**What you need to do**
Please output exactly the part of the records below that opens with the line containing "#46=CARTESIAN_POINT('',(-153.5,5.,11.2));" and closes with the line containing "#52=VERTEX_POINT('',#51);", both lines included, and nothing else.

Recorded information below:

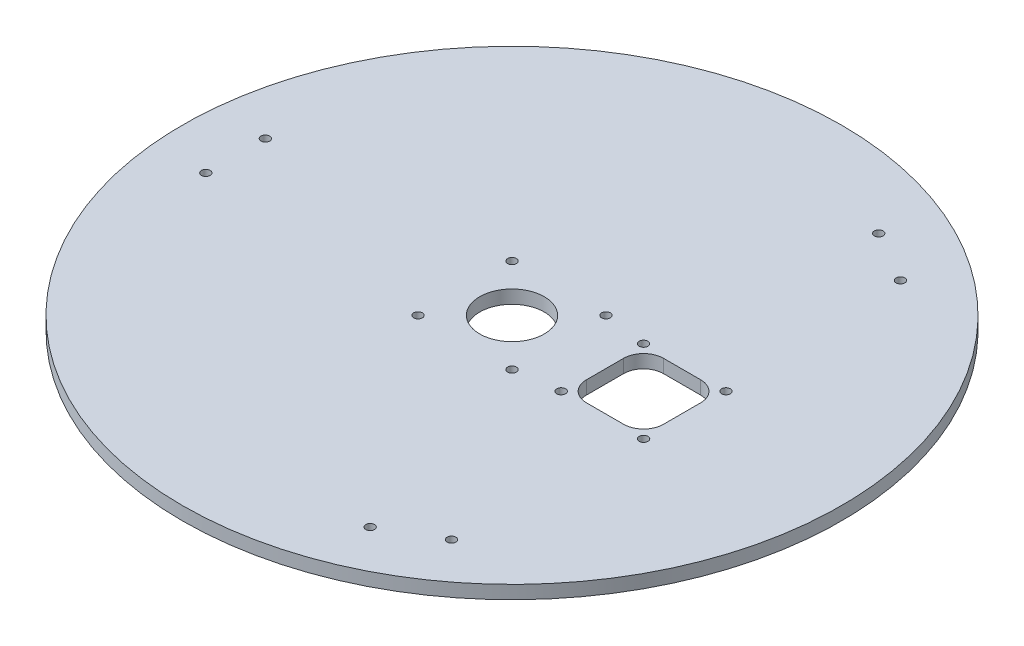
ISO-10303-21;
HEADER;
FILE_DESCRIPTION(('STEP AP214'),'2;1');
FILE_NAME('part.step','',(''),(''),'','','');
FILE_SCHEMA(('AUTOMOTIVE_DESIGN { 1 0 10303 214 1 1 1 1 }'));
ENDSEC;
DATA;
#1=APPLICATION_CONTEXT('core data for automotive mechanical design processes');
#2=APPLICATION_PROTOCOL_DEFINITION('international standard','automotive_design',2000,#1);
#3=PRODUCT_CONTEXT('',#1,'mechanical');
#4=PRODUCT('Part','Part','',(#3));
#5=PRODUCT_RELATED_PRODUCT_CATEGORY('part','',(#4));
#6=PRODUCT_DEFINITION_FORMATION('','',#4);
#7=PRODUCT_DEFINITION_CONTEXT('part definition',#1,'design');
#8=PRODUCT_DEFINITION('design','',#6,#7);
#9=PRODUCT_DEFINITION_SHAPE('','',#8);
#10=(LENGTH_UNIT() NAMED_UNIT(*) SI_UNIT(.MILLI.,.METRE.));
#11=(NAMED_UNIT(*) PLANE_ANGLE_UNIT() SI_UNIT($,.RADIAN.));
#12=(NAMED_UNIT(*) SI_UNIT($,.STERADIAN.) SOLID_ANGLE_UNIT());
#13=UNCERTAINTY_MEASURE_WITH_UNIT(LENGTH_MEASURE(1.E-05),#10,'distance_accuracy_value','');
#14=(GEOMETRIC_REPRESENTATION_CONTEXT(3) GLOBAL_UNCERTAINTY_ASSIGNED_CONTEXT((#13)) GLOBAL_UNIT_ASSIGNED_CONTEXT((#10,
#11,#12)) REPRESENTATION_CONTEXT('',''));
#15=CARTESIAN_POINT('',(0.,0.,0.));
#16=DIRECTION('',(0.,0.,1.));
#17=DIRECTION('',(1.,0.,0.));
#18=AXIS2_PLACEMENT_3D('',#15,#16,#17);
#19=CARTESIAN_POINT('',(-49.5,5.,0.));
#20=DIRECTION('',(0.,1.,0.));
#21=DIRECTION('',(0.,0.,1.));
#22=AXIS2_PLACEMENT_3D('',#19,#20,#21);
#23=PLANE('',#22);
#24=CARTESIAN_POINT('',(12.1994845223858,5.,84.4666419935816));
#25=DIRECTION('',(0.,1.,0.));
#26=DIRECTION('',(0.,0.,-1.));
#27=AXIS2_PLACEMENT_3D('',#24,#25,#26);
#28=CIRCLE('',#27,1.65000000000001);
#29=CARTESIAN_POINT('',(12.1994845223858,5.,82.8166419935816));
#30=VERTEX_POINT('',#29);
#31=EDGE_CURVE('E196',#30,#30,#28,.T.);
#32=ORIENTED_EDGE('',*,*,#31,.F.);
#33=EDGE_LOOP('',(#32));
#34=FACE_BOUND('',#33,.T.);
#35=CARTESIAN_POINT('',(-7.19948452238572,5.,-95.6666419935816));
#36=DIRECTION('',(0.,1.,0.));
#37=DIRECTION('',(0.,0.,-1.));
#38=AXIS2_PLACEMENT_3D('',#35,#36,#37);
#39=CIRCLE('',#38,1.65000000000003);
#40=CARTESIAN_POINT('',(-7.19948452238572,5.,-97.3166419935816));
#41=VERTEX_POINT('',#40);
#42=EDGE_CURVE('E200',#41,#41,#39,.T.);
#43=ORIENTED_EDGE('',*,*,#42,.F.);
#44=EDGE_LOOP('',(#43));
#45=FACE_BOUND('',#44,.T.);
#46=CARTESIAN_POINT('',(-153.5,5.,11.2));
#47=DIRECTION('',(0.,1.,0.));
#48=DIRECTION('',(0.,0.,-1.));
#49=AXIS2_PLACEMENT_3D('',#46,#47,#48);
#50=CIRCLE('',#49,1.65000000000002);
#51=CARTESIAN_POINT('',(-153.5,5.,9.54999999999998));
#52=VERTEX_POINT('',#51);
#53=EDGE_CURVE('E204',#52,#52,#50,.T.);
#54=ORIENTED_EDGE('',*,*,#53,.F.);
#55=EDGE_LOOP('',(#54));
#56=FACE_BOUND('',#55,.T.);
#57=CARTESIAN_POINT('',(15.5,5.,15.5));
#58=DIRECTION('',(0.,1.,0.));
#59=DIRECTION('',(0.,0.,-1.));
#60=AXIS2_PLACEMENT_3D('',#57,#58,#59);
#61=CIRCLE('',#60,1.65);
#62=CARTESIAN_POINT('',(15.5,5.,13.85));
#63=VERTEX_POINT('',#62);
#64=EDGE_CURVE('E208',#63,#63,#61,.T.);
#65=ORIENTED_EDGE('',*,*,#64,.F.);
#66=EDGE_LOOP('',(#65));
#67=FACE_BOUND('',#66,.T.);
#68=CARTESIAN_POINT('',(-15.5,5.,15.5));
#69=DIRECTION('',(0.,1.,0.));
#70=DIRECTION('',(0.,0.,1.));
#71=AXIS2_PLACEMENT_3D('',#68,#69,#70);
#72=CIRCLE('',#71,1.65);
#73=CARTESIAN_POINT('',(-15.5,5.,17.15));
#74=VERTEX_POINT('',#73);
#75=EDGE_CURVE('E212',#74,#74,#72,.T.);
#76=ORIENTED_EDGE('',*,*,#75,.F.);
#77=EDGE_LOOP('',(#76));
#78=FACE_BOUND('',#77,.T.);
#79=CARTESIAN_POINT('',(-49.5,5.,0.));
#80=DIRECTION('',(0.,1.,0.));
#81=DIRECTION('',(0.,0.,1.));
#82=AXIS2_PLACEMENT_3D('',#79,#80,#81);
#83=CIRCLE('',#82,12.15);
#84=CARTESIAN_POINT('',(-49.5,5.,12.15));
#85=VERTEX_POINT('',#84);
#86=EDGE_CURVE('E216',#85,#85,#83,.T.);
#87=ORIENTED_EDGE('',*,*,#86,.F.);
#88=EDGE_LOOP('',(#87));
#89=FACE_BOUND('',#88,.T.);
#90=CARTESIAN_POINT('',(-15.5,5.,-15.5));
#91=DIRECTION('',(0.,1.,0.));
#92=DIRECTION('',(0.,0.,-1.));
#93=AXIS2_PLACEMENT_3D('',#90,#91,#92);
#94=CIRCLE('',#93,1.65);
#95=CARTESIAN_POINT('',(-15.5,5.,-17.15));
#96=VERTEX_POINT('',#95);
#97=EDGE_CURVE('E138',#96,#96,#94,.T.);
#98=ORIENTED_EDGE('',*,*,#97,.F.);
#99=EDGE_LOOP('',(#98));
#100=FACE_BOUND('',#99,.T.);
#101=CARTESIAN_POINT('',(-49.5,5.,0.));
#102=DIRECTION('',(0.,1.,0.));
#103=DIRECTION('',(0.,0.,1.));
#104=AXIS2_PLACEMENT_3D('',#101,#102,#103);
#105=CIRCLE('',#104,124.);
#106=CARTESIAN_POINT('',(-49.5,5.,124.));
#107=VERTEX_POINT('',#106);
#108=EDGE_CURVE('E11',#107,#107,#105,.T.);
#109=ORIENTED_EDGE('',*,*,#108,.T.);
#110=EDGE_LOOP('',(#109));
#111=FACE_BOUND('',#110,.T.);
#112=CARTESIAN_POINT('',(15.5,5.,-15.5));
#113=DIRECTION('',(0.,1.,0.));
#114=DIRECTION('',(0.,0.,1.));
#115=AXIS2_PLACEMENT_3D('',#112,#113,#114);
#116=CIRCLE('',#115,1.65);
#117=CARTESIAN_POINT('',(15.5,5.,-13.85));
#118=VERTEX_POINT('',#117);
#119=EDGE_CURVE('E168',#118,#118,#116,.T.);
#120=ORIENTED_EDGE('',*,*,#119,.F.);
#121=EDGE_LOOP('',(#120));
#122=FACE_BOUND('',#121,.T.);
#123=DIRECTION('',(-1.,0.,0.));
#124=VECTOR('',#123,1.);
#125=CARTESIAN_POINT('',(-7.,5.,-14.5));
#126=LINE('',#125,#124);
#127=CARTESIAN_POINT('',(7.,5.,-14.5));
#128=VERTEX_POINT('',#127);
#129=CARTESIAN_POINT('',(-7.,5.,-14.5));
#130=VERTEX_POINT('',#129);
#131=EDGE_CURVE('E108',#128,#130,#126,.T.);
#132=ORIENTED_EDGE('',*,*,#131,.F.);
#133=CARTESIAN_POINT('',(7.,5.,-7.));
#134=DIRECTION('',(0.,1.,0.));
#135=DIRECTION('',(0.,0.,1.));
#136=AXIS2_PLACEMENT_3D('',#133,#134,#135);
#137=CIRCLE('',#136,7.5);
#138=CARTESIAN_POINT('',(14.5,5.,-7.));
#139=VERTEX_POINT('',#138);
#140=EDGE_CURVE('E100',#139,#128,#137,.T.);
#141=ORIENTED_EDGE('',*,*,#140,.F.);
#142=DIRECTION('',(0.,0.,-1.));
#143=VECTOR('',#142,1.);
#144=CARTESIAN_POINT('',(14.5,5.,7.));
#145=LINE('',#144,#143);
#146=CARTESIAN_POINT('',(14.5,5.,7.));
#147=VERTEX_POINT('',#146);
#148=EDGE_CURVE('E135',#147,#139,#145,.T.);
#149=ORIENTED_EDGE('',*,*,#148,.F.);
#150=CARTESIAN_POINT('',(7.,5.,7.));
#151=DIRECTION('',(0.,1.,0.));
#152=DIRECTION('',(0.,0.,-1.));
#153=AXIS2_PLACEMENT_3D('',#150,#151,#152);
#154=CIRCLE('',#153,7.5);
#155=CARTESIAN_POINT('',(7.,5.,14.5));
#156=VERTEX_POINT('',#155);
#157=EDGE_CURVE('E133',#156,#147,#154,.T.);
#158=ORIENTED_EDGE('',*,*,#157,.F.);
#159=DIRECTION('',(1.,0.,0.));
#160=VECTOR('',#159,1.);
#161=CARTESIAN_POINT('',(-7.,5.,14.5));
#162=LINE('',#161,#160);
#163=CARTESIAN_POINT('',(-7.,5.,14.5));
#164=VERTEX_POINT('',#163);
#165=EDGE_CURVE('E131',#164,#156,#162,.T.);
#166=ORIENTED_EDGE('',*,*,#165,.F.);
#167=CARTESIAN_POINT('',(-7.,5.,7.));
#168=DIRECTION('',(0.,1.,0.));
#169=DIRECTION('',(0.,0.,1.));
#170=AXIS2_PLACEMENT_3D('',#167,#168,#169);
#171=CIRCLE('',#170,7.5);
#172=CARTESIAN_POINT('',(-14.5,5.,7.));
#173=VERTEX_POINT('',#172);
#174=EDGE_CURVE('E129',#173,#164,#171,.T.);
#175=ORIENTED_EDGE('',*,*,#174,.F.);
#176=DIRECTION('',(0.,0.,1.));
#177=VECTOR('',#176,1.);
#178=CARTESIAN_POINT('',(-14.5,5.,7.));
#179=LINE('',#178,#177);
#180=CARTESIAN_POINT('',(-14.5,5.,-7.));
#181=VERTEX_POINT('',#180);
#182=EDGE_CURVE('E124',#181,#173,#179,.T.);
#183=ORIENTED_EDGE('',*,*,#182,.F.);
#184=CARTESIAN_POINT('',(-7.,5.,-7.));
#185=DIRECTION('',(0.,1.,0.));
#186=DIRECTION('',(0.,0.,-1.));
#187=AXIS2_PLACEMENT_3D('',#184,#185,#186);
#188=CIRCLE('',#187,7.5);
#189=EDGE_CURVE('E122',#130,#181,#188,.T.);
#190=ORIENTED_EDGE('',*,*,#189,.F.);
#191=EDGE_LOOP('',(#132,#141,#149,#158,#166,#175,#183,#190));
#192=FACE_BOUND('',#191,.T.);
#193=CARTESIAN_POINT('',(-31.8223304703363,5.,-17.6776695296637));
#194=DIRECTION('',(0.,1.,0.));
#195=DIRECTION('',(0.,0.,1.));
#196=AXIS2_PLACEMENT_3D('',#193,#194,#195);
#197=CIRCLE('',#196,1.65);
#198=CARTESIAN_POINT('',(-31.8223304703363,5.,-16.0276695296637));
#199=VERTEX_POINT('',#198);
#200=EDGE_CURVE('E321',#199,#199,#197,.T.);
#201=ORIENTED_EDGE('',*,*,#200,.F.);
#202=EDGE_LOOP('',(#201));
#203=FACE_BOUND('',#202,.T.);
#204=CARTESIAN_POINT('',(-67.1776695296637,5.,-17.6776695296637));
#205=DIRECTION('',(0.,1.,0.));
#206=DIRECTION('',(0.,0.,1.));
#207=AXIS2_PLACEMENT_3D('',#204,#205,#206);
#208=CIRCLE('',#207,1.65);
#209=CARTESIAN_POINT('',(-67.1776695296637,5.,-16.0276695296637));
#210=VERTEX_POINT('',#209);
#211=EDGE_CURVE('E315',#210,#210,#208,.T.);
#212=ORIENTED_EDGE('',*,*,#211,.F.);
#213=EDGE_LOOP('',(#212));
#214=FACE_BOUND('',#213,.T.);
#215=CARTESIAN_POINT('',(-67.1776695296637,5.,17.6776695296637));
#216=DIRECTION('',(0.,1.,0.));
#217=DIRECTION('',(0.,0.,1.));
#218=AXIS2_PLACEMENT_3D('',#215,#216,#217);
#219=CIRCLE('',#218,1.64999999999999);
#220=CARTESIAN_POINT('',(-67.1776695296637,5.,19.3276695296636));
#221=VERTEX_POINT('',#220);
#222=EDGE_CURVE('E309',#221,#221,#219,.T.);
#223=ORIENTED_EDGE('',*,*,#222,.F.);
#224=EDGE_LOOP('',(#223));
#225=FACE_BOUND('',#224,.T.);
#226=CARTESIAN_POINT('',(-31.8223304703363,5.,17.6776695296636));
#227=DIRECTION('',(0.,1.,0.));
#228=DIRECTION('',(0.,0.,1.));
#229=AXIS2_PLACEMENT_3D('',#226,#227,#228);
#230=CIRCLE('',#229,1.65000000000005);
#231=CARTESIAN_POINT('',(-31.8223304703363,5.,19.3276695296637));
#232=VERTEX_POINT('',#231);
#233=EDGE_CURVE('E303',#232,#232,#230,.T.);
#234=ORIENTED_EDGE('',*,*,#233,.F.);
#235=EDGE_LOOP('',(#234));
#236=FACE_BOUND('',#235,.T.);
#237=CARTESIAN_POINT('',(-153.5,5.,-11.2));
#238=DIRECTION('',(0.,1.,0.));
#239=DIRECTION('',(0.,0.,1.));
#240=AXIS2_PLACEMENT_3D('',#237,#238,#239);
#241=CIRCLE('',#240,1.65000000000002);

End of Recorded information.

**Exercise response**
#46=CARTESIAN_POINT('',(-153.5,5.,11.2));
#47=DIRECTION('',(0.,1.,0.));
#48=DIRECTION('',(0.,0.,-1.));
#49=AXIS2_PLACEMENT_3D('',#46,#47,#48);
#50=CIRCLE('',#49,1.65000000000002);
#51=CARTESIAN_POINT('',(-153.5,5.,9.54999999999998));
#52=VERTEX_POINT('',#51);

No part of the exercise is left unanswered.